With reference to the “green” claims, the Commission adds that: “Vague and general claims could be difficult, if not impossible, to substantiate. At the same time, they could convey the impression to consumers that a product or an activity of a trader has no negative impact or only a positive impact on the environment”.

According to the Regional Administrative Court of Lazio, the AGCM provision would be perfectly aligned with this interpretative guideline, so that, in the absence of a “supporting claim” containing further clarifications and specifications, “it is not permitted in the advertising communication to consider a diesel for transport as “green” , as this is a fuel which by its nature is a highly polluting product, nor is it permitted to declare that through its use it is possible to take care of the environment”.

In other words, the pronunciation in question seems to highlight the contrast between two basic approaches:

  1. i) that of the appellant, which seems to be protecting itself behind the requirement for an adequate investigation into the truthfulness of the claim of environmental content and the actual potential for conditioning the conduct of the average consumer, accusing AGCM of having founded the sanctioning measure on the “personal perception of those who elaborated it”;
  2. ii) that of AGCM and TAR Lazio, which tends to exclude in any case the truthfulness of advertising messages when they use vague and generic terms, such as “green”, associating them with an environmental advantage of an absolute nature.

Therefore, a rigorous interpretative line seems to be consolidating in terms of claiming environmental merits, in the wake – on closer inspection – not only of the guidelines of the European Commission, but also of the rich experience of advertising self-regulation (IAP / EASA).

The latter is notable for a significant evolution from the rulings of the Eighties and Nineties of the Twentieth century to the most recent guidelines, crystallized in the changes to the IAP Code that came into force in 2014.

And so, back in 1991, the IAP Control Committee (Ruling no. 53 of April 23rd, 1991) believed that the green claim “Those who drive Mercedes-Benz defend the environment” was in conformity with the regulations.

According to this precedent, “A producer, able to prove and document that his business is marked by respect and consideration of environmental culture, can use as main characteristics in advertising communication, that which constitutes the right compensatory recognition of investments, however productive of beneficial effects for the social community (in this case: it was a car manufacturer who claimed to “defend the environment”) “.

On the contrary, the new Art. 12 IAP Code, in the version in force since March 27th, 2014, clarifies that “The commercial communication that declares or evokes benefits of an environmental or ecological nature must be based on truthful, pertinent and scientifically verifiable data.
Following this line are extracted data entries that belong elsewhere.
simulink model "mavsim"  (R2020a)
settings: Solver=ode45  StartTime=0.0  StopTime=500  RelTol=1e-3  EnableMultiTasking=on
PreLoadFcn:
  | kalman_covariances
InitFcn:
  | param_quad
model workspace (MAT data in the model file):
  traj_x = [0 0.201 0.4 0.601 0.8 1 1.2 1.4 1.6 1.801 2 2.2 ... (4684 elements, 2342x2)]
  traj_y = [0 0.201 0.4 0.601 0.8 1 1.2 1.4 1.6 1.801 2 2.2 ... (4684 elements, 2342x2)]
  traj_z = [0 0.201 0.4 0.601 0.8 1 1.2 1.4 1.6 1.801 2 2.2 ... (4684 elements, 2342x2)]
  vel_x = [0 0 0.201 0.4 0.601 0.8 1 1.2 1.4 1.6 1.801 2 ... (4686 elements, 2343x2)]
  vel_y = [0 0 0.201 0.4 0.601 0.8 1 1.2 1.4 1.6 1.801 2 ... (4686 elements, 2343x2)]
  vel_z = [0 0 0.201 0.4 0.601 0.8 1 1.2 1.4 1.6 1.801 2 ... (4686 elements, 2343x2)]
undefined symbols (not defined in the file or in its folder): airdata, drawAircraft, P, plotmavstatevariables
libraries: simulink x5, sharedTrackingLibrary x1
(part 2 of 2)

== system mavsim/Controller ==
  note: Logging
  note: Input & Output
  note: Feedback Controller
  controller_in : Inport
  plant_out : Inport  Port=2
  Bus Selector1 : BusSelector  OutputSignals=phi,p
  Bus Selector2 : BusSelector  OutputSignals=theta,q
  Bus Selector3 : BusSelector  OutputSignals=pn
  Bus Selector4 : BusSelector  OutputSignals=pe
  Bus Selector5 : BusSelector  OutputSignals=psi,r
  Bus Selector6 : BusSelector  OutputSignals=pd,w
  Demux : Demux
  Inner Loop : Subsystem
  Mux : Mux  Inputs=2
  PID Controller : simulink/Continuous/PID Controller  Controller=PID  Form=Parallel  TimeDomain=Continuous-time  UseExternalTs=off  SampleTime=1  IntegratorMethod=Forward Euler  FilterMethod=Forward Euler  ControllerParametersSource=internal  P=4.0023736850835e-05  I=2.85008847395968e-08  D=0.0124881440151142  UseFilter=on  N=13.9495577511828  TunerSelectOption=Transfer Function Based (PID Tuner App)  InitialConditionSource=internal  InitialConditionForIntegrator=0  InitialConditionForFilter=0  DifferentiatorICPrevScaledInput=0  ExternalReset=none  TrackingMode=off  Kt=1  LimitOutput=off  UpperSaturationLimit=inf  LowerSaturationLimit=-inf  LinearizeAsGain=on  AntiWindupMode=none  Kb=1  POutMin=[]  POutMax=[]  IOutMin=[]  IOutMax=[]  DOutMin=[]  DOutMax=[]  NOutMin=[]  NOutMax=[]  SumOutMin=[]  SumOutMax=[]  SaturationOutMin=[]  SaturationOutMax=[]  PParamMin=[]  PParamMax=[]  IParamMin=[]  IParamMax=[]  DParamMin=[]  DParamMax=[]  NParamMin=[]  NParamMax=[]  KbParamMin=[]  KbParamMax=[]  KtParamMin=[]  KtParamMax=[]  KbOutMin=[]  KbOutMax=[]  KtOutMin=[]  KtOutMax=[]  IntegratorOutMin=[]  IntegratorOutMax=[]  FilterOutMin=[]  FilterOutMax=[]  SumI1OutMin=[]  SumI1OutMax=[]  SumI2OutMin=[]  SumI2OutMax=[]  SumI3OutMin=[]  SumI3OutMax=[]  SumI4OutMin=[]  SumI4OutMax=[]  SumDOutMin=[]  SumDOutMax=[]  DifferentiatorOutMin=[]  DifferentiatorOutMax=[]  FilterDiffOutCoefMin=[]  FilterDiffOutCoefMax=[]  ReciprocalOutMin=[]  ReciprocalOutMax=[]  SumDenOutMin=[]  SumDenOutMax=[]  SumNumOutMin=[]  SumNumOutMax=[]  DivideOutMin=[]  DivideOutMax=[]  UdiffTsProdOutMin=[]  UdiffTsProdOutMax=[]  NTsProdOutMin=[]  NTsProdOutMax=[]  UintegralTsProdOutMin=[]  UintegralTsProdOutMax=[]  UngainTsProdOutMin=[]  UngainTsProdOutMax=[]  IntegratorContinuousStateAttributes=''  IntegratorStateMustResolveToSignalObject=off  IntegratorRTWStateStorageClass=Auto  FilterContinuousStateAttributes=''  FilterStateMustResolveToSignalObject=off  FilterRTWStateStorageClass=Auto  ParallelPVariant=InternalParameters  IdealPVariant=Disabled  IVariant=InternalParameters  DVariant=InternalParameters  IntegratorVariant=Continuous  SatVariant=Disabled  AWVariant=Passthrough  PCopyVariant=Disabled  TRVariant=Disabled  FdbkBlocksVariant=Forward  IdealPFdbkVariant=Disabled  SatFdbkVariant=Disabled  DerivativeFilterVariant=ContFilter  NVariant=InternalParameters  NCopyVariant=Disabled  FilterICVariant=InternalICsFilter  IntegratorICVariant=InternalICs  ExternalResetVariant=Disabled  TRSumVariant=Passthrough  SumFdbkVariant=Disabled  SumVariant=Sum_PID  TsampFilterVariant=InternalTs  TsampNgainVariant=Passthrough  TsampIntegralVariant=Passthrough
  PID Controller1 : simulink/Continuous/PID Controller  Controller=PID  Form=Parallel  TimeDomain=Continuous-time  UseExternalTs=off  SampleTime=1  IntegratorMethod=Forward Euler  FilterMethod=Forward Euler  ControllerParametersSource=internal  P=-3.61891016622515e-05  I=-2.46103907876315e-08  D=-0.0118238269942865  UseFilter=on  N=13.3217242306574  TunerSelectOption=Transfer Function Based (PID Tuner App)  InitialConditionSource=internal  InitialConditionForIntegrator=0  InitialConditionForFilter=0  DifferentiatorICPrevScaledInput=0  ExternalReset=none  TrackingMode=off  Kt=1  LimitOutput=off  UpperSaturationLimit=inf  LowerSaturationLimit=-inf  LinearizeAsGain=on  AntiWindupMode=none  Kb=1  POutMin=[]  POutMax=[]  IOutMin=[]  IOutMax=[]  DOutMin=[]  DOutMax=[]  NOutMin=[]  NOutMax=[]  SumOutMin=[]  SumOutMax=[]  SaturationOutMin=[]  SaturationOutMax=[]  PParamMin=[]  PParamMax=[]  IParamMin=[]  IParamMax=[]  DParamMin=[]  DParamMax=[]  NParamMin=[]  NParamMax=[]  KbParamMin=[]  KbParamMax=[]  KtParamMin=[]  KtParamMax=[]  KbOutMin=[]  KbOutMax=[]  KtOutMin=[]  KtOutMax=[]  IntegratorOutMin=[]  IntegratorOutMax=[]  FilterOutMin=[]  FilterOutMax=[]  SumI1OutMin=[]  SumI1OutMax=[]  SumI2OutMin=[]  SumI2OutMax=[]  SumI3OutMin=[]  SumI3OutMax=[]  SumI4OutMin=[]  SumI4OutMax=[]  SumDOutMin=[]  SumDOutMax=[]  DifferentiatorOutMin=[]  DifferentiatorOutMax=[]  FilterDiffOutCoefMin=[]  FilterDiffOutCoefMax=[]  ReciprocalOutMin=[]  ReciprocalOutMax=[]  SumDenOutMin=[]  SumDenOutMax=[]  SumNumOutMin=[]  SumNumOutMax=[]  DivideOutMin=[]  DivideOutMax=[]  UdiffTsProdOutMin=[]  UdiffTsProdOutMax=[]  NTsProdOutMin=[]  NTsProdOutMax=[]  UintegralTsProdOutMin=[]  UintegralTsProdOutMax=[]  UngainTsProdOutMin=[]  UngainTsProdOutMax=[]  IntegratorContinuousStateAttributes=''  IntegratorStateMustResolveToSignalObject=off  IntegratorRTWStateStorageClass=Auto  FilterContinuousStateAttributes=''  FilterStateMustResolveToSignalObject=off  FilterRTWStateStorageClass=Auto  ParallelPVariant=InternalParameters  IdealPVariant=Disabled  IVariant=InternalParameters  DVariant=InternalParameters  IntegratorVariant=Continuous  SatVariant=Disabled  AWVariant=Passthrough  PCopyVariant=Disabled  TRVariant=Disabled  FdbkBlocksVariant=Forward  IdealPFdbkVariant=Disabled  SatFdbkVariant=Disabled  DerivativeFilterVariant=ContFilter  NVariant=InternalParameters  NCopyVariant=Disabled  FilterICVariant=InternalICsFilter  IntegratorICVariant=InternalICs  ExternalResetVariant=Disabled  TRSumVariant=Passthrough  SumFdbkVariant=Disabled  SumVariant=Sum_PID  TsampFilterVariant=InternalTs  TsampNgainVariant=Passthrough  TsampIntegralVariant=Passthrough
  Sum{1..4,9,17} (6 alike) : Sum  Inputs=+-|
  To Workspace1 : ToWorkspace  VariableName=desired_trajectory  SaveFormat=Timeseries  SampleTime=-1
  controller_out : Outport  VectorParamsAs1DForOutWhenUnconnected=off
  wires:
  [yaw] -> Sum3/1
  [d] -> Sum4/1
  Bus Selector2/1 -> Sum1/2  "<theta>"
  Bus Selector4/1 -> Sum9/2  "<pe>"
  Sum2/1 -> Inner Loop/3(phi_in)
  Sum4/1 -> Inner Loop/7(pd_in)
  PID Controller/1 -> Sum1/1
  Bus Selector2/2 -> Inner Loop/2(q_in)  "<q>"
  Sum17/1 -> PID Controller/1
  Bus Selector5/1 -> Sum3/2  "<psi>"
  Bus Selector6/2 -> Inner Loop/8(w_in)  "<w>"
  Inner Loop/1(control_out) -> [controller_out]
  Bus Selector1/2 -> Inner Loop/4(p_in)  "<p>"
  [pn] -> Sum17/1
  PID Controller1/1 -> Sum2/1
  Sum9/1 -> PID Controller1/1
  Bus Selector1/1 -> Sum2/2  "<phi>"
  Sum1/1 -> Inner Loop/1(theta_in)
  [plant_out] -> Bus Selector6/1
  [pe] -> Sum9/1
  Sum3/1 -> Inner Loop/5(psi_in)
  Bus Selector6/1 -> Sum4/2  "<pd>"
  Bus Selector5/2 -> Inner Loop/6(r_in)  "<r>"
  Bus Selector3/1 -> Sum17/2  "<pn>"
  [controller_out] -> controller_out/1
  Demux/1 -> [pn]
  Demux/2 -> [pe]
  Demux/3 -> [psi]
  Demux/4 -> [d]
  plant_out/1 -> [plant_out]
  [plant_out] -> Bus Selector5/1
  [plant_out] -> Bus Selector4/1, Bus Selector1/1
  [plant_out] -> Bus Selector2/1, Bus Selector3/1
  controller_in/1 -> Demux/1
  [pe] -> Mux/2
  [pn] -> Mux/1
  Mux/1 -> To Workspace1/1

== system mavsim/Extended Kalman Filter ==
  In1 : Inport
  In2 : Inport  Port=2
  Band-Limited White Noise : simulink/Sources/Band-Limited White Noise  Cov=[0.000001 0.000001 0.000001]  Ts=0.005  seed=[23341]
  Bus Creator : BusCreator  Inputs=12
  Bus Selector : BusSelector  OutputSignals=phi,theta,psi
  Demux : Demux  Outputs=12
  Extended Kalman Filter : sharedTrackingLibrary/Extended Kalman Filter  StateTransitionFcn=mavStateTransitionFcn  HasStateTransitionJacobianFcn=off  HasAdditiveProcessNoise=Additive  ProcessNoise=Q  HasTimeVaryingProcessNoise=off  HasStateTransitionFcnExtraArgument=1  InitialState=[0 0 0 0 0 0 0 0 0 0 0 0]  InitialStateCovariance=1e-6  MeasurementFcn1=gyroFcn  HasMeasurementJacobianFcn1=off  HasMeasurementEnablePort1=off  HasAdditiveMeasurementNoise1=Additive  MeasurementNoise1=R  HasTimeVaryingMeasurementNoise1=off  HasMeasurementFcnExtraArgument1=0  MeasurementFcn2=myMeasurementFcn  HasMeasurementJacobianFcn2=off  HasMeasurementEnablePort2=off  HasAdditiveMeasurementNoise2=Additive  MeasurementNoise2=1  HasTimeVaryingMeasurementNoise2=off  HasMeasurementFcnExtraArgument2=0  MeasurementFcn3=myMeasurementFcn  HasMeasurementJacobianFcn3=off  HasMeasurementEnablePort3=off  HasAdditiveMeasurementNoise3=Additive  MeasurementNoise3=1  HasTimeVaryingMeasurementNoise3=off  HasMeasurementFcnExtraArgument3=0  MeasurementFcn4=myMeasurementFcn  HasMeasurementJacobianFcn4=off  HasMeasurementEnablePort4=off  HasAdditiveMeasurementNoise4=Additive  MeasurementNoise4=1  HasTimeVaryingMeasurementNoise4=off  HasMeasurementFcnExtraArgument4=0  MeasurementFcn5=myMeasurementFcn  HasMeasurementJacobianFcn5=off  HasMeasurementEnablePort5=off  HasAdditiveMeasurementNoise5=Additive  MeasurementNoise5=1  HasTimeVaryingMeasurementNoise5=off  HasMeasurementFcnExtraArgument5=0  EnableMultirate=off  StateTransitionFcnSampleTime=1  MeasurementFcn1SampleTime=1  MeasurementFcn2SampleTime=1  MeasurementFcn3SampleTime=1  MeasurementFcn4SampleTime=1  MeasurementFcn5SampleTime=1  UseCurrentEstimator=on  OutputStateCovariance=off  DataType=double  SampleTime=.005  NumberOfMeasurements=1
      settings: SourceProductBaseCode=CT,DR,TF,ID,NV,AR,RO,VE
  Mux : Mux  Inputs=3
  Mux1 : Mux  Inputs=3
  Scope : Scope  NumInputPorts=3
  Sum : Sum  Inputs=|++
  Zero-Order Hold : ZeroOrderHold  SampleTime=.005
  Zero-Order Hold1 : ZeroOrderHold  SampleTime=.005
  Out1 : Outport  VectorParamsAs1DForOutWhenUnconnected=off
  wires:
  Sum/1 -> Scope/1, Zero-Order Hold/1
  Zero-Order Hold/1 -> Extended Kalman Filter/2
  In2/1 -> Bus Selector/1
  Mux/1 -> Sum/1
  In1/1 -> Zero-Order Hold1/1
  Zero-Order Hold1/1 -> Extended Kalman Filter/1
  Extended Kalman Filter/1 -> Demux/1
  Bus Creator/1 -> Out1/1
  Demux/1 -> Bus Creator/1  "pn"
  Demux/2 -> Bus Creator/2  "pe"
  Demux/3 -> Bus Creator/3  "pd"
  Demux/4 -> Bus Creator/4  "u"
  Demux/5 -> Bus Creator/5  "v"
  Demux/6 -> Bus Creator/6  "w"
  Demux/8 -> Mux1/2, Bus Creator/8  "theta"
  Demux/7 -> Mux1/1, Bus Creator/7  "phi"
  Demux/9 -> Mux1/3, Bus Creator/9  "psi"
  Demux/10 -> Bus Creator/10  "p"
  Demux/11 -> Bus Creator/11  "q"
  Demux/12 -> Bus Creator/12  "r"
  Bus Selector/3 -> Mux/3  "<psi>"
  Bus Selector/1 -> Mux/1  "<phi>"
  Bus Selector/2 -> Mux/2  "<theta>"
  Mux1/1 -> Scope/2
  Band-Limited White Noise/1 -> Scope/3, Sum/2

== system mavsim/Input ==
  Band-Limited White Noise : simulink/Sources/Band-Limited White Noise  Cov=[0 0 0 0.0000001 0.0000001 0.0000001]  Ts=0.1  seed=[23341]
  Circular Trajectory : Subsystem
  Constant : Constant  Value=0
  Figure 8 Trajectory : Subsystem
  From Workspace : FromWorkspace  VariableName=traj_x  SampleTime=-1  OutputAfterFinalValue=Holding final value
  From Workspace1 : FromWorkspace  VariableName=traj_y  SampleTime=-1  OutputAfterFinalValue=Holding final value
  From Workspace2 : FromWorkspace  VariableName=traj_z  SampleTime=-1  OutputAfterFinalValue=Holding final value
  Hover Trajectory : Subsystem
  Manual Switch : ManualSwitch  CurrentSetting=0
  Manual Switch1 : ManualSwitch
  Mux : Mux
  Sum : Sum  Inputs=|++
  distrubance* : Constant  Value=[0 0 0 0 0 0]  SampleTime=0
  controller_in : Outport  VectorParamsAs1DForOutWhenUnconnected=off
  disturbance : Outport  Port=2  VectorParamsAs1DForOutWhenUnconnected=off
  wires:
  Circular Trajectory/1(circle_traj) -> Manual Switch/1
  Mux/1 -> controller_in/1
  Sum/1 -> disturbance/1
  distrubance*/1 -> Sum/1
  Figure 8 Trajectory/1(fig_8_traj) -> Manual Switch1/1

This communication must make it possible to clearly understand which aspect of the advertised product or activity the benefits claimed refer to” (with the burden of proof being borne by the advertiser).

The comparison between the precedent of 1991 and the new provision of 2014 allows us to appreciate a clear change of perspective: the watershed would seem to coincide with the early 2000s, characterized by the massive increase in environmental sustainability communication by economic operators, with the consequent emergence of new regulatory needs.

And so, returning to the decision of the administrative Judge, in the contrast between the two interpretative lines in the truthfulness of the message (the “technical-opinion poll” of the appellant, as opposed to a more “trenchant” one by AGCM and TAR Lazio) seem to echo the different sensitivities that have been confronted in the last decades of self-regulation experience.

In conclusion, the ruling in question seems to attest to the current convergence (EU law, administrative jurisprudence, self-regulatory system) for strong consumer protection, considered particularly sensitive to environmental issues and extremely influenced by advertising messages. And this in a context in which, on closer inspection, the environmental culture and the relative wealth of knowledge – including technical knowledge – by consumers, on the other hand, appears to be constantly growing.